Exercise directions →
Filter the entries, keeping every line with the string "different".

Dataset items:
►

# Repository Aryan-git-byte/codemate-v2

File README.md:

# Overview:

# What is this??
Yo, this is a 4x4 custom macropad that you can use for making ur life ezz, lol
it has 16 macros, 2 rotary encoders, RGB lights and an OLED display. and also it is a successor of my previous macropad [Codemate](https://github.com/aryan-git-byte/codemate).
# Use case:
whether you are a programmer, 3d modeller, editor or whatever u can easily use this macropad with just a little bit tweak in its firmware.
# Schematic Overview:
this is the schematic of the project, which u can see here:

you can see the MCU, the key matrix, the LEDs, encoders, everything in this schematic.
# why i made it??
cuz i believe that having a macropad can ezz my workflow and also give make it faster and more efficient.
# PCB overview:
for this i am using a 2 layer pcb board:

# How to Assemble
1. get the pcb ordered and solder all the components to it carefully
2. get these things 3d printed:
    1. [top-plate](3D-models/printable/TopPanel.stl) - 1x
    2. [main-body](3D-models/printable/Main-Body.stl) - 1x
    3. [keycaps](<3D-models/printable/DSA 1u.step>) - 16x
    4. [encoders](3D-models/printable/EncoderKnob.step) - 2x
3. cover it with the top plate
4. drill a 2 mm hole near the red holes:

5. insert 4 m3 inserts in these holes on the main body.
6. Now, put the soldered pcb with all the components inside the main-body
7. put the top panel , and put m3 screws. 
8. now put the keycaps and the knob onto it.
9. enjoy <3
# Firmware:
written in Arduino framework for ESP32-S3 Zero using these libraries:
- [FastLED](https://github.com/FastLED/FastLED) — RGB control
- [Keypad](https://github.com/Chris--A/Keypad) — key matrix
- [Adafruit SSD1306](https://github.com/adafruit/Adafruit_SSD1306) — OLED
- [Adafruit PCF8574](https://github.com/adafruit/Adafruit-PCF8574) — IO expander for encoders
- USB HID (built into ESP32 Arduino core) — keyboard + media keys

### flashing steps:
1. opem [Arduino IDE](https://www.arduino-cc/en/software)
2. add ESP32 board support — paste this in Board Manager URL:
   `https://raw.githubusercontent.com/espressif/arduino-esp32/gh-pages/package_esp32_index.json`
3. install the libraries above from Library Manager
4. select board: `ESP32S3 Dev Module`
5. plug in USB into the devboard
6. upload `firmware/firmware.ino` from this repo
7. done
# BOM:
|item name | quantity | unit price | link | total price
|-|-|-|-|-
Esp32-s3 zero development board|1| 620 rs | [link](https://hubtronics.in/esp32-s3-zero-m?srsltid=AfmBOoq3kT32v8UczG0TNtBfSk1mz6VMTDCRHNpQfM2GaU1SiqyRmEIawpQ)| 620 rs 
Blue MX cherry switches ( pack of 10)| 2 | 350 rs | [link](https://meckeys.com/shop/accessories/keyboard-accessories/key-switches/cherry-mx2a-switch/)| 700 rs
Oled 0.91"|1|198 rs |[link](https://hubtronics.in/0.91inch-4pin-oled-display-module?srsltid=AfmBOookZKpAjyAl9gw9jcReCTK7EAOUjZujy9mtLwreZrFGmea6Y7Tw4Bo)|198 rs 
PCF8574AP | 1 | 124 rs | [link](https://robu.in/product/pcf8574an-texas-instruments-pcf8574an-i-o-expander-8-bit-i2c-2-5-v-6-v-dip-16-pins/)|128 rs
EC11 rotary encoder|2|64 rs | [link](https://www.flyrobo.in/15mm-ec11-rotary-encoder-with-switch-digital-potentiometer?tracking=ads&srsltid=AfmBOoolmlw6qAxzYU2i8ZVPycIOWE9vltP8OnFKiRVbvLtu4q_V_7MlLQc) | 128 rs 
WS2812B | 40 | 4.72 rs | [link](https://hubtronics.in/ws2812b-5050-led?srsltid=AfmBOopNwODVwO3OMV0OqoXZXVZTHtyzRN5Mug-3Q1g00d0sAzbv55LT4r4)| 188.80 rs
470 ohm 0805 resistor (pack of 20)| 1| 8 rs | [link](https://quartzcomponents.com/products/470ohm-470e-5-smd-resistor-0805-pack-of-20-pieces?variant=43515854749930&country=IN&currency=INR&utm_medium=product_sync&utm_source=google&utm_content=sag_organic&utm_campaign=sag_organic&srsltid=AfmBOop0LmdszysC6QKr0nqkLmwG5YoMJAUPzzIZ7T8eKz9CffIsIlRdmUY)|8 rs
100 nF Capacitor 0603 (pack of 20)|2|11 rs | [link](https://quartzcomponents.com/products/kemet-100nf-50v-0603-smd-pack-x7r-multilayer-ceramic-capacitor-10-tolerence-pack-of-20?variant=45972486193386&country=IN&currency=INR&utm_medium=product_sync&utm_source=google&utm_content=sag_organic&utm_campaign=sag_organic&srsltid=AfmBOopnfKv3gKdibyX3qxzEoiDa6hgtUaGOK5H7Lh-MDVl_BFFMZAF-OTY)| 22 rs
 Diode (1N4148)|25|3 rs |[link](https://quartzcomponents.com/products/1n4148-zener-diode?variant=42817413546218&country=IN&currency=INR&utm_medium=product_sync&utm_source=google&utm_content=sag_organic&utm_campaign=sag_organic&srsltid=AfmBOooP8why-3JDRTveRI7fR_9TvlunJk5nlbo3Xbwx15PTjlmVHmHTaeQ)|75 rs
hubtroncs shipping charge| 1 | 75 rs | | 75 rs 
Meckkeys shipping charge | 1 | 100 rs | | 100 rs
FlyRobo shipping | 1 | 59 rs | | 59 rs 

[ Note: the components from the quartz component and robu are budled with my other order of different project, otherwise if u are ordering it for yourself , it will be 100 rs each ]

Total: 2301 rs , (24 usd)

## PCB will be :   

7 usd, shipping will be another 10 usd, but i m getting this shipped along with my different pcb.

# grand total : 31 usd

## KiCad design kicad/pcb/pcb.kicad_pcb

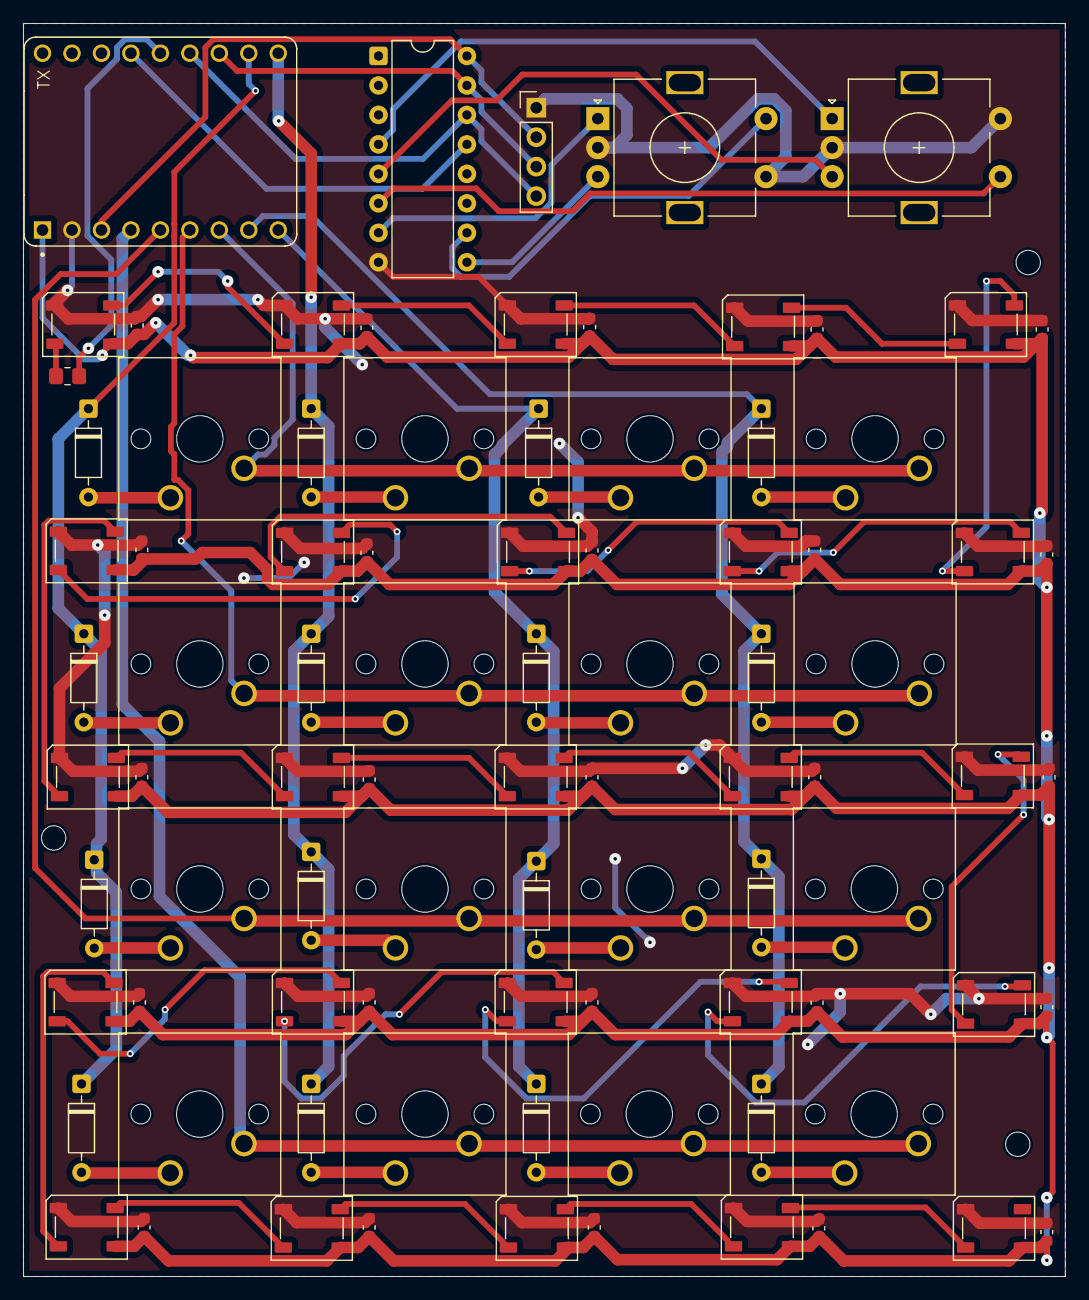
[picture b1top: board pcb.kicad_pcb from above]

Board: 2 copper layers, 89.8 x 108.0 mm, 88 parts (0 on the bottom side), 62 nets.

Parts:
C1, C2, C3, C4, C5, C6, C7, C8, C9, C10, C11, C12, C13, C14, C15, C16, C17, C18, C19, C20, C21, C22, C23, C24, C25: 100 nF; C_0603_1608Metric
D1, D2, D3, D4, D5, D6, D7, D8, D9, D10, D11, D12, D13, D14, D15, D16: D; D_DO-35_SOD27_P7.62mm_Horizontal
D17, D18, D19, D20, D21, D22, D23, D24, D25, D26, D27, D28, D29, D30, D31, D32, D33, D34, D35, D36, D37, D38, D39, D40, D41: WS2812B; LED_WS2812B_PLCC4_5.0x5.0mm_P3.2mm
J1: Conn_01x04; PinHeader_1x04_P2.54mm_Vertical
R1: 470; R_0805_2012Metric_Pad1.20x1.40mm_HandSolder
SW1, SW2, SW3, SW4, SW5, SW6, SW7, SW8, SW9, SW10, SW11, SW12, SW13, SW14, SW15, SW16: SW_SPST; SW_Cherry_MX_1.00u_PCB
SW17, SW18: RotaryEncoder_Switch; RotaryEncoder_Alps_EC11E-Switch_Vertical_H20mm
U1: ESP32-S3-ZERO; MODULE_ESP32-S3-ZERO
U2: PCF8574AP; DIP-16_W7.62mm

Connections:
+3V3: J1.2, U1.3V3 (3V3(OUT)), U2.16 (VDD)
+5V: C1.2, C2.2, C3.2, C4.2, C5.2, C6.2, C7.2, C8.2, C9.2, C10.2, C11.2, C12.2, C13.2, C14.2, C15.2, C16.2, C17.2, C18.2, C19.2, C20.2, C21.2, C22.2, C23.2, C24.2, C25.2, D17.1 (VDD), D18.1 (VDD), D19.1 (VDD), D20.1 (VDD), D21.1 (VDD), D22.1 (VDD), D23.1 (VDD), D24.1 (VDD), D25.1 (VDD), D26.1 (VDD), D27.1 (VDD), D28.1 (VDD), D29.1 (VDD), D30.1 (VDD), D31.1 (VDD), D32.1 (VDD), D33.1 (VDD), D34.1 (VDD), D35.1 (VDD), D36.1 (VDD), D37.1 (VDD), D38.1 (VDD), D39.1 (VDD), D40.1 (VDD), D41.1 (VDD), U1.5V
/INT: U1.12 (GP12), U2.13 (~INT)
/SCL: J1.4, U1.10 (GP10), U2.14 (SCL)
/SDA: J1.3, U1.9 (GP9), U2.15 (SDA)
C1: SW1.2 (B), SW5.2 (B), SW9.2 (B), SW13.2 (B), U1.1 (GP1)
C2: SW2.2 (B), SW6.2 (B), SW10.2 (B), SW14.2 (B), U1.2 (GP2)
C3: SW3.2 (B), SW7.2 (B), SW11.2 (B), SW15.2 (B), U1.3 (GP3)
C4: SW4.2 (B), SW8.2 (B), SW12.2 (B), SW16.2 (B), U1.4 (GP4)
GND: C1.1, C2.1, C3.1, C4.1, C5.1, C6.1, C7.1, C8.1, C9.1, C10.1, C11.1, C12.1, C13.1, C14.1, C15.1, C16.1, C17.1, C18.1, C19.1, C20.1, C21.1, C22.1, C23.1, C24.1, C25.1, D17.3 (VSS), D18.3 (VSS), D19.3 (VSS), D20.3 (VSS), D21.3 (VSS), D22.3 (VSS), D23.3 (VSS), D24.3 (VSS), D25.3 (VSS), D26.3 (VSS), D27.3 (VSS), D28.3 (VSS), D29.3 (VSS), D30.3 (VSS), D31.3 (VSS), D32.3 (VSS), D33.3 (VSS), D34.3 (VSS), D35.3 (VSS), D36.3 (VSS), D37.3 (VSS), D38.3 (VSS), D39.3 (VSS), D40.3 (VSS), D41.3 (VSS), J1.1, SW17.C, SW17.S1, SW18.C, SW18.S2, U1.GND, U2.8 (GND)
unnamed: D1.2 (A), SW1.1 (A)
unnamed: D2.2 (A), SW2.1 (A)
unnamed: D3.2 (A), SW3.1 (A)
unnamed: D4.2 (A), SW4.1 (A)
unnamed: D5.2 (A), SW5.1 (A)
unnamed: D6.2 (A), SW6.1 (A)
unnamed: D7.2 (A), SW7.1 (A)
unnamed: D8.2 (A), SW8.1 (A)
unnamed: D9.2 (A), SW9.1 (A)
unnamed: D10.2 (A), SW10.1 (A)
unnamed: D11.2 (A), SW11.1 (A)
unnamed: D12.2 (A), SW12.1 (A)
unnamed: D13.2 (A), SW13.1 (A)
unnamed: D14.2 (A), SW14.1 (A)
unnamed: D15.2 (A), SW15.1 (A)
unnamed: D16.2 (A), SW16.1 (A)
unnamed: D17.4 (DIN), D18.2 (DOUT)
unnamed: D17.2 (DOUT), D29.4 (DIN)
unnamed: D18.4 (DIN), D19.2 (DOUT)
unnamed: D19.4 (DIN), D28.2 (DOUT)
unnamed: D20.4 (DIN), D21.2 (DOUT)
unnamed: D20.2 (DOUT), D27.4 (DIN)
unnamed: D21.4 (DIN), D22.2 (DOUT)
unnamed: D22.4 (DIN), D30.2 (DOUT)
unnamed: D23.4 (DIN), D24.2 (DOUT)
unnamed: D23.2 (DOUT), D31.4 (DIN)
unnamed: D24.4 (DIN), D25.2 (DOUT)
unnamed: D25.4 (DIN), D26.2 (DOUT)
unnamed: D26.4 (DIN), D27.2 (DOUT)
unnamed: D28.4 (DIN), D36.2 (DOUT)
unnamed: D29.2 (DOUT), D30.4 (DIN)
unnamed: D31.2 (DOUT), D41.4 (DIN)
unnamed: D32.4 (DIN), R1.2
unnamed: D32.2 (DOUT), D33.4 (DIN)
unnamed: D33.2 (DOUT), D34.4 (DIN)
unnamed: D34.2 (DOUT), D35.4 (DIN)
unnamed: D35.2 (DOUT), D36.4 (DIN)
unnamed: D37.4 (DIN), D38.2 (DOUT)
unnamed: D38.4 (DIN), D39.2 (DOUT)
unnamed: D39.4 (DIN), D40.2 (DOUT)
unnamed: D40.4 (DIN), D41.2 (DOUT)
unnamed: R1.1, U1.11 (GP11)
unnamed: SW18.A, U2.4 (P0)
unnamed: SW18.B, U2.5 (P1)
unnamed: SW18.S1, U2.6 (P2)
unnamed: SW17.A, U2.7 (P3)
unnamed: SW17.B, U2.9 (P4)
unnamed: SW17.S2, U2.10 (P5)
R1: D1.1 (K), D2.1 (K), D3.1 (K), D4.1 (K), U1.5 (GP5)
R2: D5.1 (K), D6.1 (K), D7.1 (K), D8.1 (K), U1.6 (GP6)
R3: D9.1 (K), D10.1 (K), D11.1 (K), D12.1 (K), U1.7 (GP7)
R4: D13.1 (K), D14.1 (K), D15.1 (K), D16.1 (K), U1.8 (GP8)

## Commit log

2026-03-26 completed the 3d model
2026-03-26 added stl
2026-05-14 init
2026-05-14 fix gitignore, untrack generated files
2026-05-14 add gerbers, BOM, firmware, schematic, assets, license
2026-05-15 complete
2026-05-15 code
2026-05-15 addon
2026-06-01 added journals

◄

Reply →
[ Note: the components from the quartz component and robu are budled with my other order of different project, otherwise if u are ordering it for yourself , it will be 100 rs each ]
7 usd, shipping will be another 10 usd, but i m getting this shipped along with my different pcb.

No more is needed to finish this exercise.